With no job or home, Pierre has to adopt prostitution as his only way to make money. He makes his rules very clear to prospective male clients: "I don't kiss, I don't suck, I don't get fucked". Despite his initial aversion to sex with men, Pierre manages to make a success of his new career. During a police crackdown on streetwalkers, he meets Ingrid, another prostitute. He becomes infatuated with Ingrid, whose dream had been to become a singer. Both are arrested and after a night in jail, they spend an idyllic day together. They make love, but their liaison is discovered by her pimp, who with his gang beats up and rapes Pierre, forcing Ingrid to watch.

Pierre leaves Paris and joins the paratroops; he voices to an interviewing officer a desire for revenge, and also for the "leap into the void" involved in parachuting at night. On a visit home, he tells his brother that he did not hate the city, he just was not ready for it. On release from his service, and about to leave once again for Paris and an open future, Pierre stops off at the beach, takes his clothes off and wanders into the sea.

==Cast==
- Manuel Blanc as Pierre
- Philippe Noiret as Romain
- Emmanuelle Béart as Ingrid
- Hélène Vincent as Evelyne
- Ivan Desny as Dimitri
- Roschdy Zem as Saïd
- Christophe Bernard as Le Mac
- Michèle Moretti as The Drama teacher

==Background==
The story is directly inspired by the experience of Jacques Nolot. It is based on the unpublished novel titled The First Step, which Nolot wrote, and then turned into a screenplay.

==DVD release==
The film was released on DVD 22 July 2008 in the U.S. as part of a Boxset of Téchiné's films. The film is in French with English and Spanish subtitles. I Don't Kiss is also available in Region 2 DVD.

==Reception==
Armand White from Film Comment opined that the film "diverges from Fassbinder melodramas, which used the genre for social critique. Techine has a different, uncynical engagement with pop drama — a gay insight that drays fascination, inspiration, as well as healthy skeptical distaste for the myths and traditions of narrative hegemony.
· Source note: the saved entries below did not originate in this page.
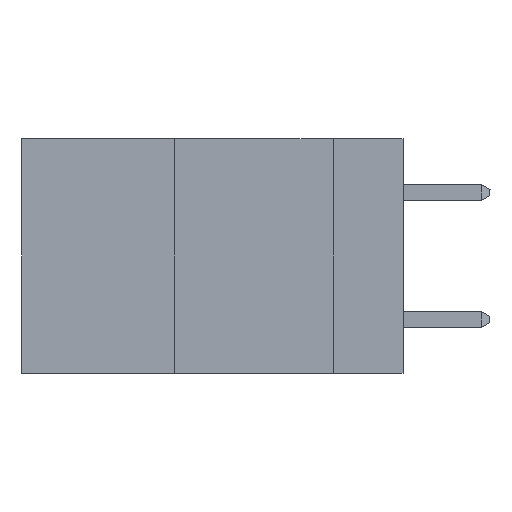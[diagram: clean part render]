
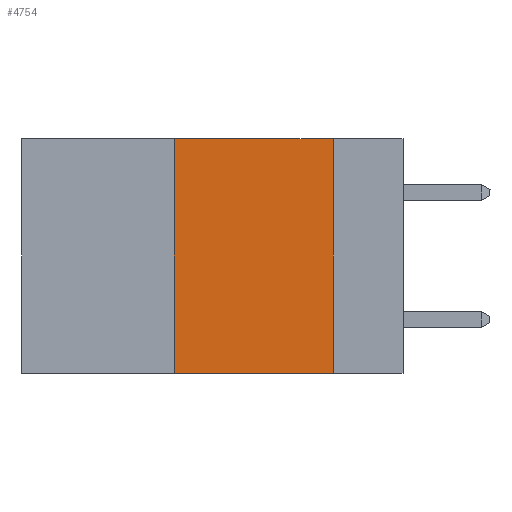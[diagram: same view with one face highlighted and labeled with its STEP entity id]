
A CAD part, left-side view. The second image highlights one B-rep face of the part: STEP entity #4754.
In plain terms, the highlighted planar face has unit normal (-1, 0, 0).
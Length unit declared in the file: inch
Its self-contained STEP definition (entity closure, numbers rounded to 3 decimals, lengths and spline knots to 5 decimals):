
#198 = VECTOR ( 'NONE', #5394, 39.37008 ) ;
#611 = CARTESIAN_POINT ( 'NONE',  ( 0., 0.11, 0. ) ) ;
#3323 = EDGE_LOOP ( 'NONE', ( #28339, #27707, #25147, #13014 ) ) ;
#4056 = DIRECTION ( 'NONE',  ( 0., -1., 0. ) ) ;
#4323 = CARTESIAN_POINT ( 'NONE',  ( 0., 0.6, 0. ) ) ;
#4348 = EDGE_CURVE ( 'NONE', #20305, #29115, #13638, .T. ) ;
#4353 = EDGE_CURVE ( 'NONE', #6244, #20305, #8858, .T. ) ;
#4754 = ADVANCED_FACE ( 'NONE', ( #8830 ), #20083, .F. ) ;
#4935 = CARTESIAN_POINT ( 'NONE',  ( 0., 0.36, 0. ) ) ;
#4944 = CARTESIAN_POINT ( 'NONE',  ( 0., 0.6, -0.37 ) ) ;
#5394 = DIRECTION ( 'NONE',  ( 0., -1., 0. ) ) ;
#6244 = VERTEX_POINT ( 'NONE', #12842 ) ;
#8830 = FACE_OUTER_BOUND ( 'NONE', #3323, .T. ) ;
#8858 = LINE ( 'NONE', #4935, #18810 ) ;
#9604 = DIRECTION ( 'NONE',  ( 0., 0., 1. ) ) ;
#10310 = DIRECTION ( 'NONE',  ( 0., 0., -1. ) ) ;
#11701 = LINE ( 'NONE', #4944, #198 ) ;
#12516 = CARTESIAN_POINT ( 'NONE',  ( 0., 0.11, -0.37 ) ) ;
#12842 = CARTESIAN_POINT ( 'NONE',  ( 0., 0.36, -0.37 ) ) ;
#13014 = ORIENTED_EDGE ( 'NONE', *, *, #19244, .T. ) ;
#13470 = DIRECTION ( 'NONE',  ( 0., 0., -1. ) ) ;
#13638 = LINE ( 'NONE', #24619, #16399 ) ;
#15571 = EDGE_CURVE ( 'NONE', #29115, #28422, #26664, .T. ) ;
#16399 = VECTOR ( 'NONE', #4056, 39.37008 ) ;
#18810 = VECTOR ( 'NONE', #9604, 39.37008 ) ;
#19244 = EDGE_CURVE ( 'NONE', #6244, #28422, #11701, .T. ) ;
#19283 = CARTESIAN_POINT ( 'NONE',  ( 0., 0.36, 0. ) ) ;
#20083 = PLANE ( 'NONE',  #21744 ) ;
#20174 = VECTOR ( 'NONE', #10310, 39.37008 ) ;
#20305 = VERTEX_POINT ( 'NONE', #19283 ) ;
#21744 = AXIS2_PLACEMENT_3D ( 'NONE', #4323, #26986, #13470 ) ;
#21877 = CARTESIAN_POINT ( 'NONE',  ( 0., 0.11, 0. ) ) ;
#24619 = CARTESIAN_POINT ( 'NONE',  ( 0., 0.6, 0. ) ) ;
#25147 = ORIENTED_EDGE ( 'NONE', *, *, #4353, .F. ) ;
#26664 = LINE ( 'NONE', #21877, #20174 ) ;
#26986 = DIRECTION ( 'NONE',  ( 1., 0., 0. ) ) ;
#27707 = ORIENTED_EDGE ( 'NONE', *, *, #4348, .F. ) ;
#28339 = ORIENTED_EDGE ( 'NONE', *, *, #15571, .F. ) ;
#28422 = VERTEX_POINT ( 'NONE', #12516 ) ;
#29115 = VERTEX_POINT ( 'NONE', #611 ) ;
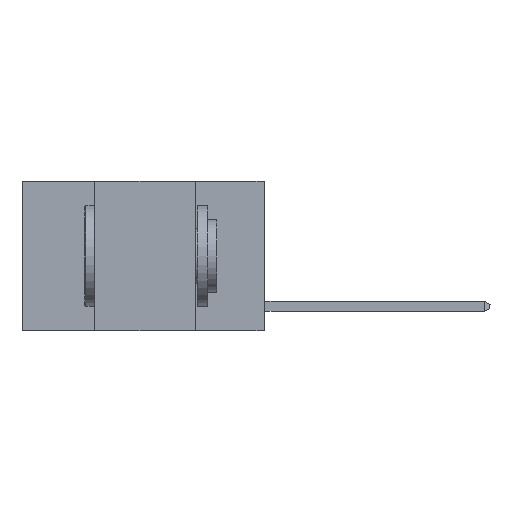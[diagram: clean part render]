
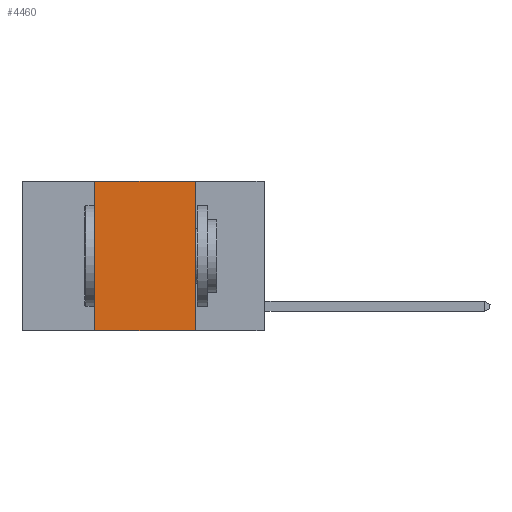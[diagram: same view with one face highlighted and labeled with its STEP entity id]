
A CAD part, left-side view. The second image highlights one B-rep face of the part: STEP entity #4460.
In plain terms, the highlighted planar face has unit normal (-1, 0, 0).
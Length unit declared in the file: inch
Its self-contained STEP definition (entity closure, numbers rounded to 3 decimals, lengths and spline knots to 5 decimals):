
#19 = AXIS2_PLACEMENT_3D ( 'NONE', #5093, #9197, #32 ) ;
#32 = DIRECTION ( 'NONE',  ( 0., 0., -1. ) ) ;
#72 = VECTOR ( 'NONE', #12186, 39.37008 ) ;
#1467 = VERTEX_POINT ( 'NONE', #1491 ) ;
#1491 = CARTESIAN_POINT ( 'NONE',  ( 0., 0.42, -0.37 ) ) ;
#1837 = EDGE_CURVE ( 'NONE', #1467, #9037, #7245, .T. ) ;
#2014 = PLANE ( 'NONE',  #19 ) ;
#2651 = VERTEX_POINT ( 'NONE', #12591 ) ;
#2847 = ORIENTED_EDGE ( 'NONE', *, *, #1837, .F. ) ;
#3261 = ORIENTED_EDGE ( 'NONE', *, *, #12581, .F. ) ;
#4271 = LINE ( 'NONE', #7297, #4369 ) ;
#4369 = VECTOR ( 'NONE', #5202, 39.37008 ) ;
#4460 = ADVANCED_FACE ( 'NONE', ( #11193 ), #2014, .F. ) ;
#4779 = CARTESIAN_POINT ( 'NONE',  ( 0., 0.17, 0. ) ) ;
#5093 = CARTESIAN_POINT ( 'NONE',  ( 0., 0.6, 0. ) ) ;
#5202 = DIRECTION ( 'NONE',  ( 0., -1., 0. ) ) ;
#7245 = LINE ( 'NONE', #9259, #7701 ) ;
#7297 = CARTESIAN_POINT ( 'NONE',  ( 0., 0.6, -0.37 ) ) ;
#7701 = VECTOR ( 'NONE', #11312, 39.37008 ) ;
#7891 = LINE ( 'NONE', #9838, #9534 ) ;
#8285 = EDGE_CURVE ( 'NONE', #12734, #2651, #9270, .T. ) ;
#9037 = VERTEX_POINT ( 'NONE', #10775 ) ;
#9197 = DIRECTION ( 'NONE',  ( 1., 0., 0. ) ) ;
#9259 = CARTESIAN_POINT ( 'NONE',  ( 0., 0.42, 0. ) ) ;
#9270 = LINE ( 'NONE', #4779, #72 ) ;
#9534 = VECTOR ( 'NONE', #10960, 39.37008 ) ;
#9838 = CARTESIAN_POINT ( 'NONE',  ( 0., 0.6, 0. ) ) ;
#9977 = EDGE_LOOP ( 'NONE', ( #11014, #3261, #2847, #12269 ) ) ;
#10775 = CARTESIAN_POINT ( 'NONE',  ( 0., 0.42, 0. ) ) ;
#10960 = DIRECTION ( 'NONE',  ( 0., -1., 0. ) ) ;
#11014 = ORIENTED_EDGE ( 'NONE', *, *, #8285, .F. ) ;
#11193 = FACE_OUTER_BOUND ( 'NONE', #9977, .T. ) ;
#11221 = CARTESIAN_POINT ( 'NONE',  ( 0., 0.17, 0. ) ) ;
#11312 = DIRECTION ( 'NONE',  ( 0., 0., 1. ) ) ;
#12186 = DIRECTION ( 'NONE',  ( 0., 0., -1. ) ) ;
#12262 = EDGE_CURVE ( 'NONE', #1467, #2651, #4271, .T. ) ;
#12269 = ORIENTED_EDGE ( 'NONE', *, *, #12262, .T. ) ;
#12581 = EDGE_CURVE ( 'NONE', #9037, #12734, #7891, .T. ) ;
#12591 = CARTESIAN_POINT ( 'NONE',  ( 0., 0.17, -0.37 ) ) ;
#12734 = VERTEX_POINT ( 'NONE', #11221 ) ;

In J'embrasse pas, the social betrayals are enlarged beyond Fassbinder's misanthropy into an admittedly French acknowledgment of human nature."

Film critic Peter Aspden wrote "the malaise which permeates J’embrasse pas is relentless; there is never any doubt that Pierre's sad attempt to escape the monotony of provincial life will end disastrously in the violent, loveless streets of modern-day Paris; the overload of metaphors hides the lack of a substantive conclusion."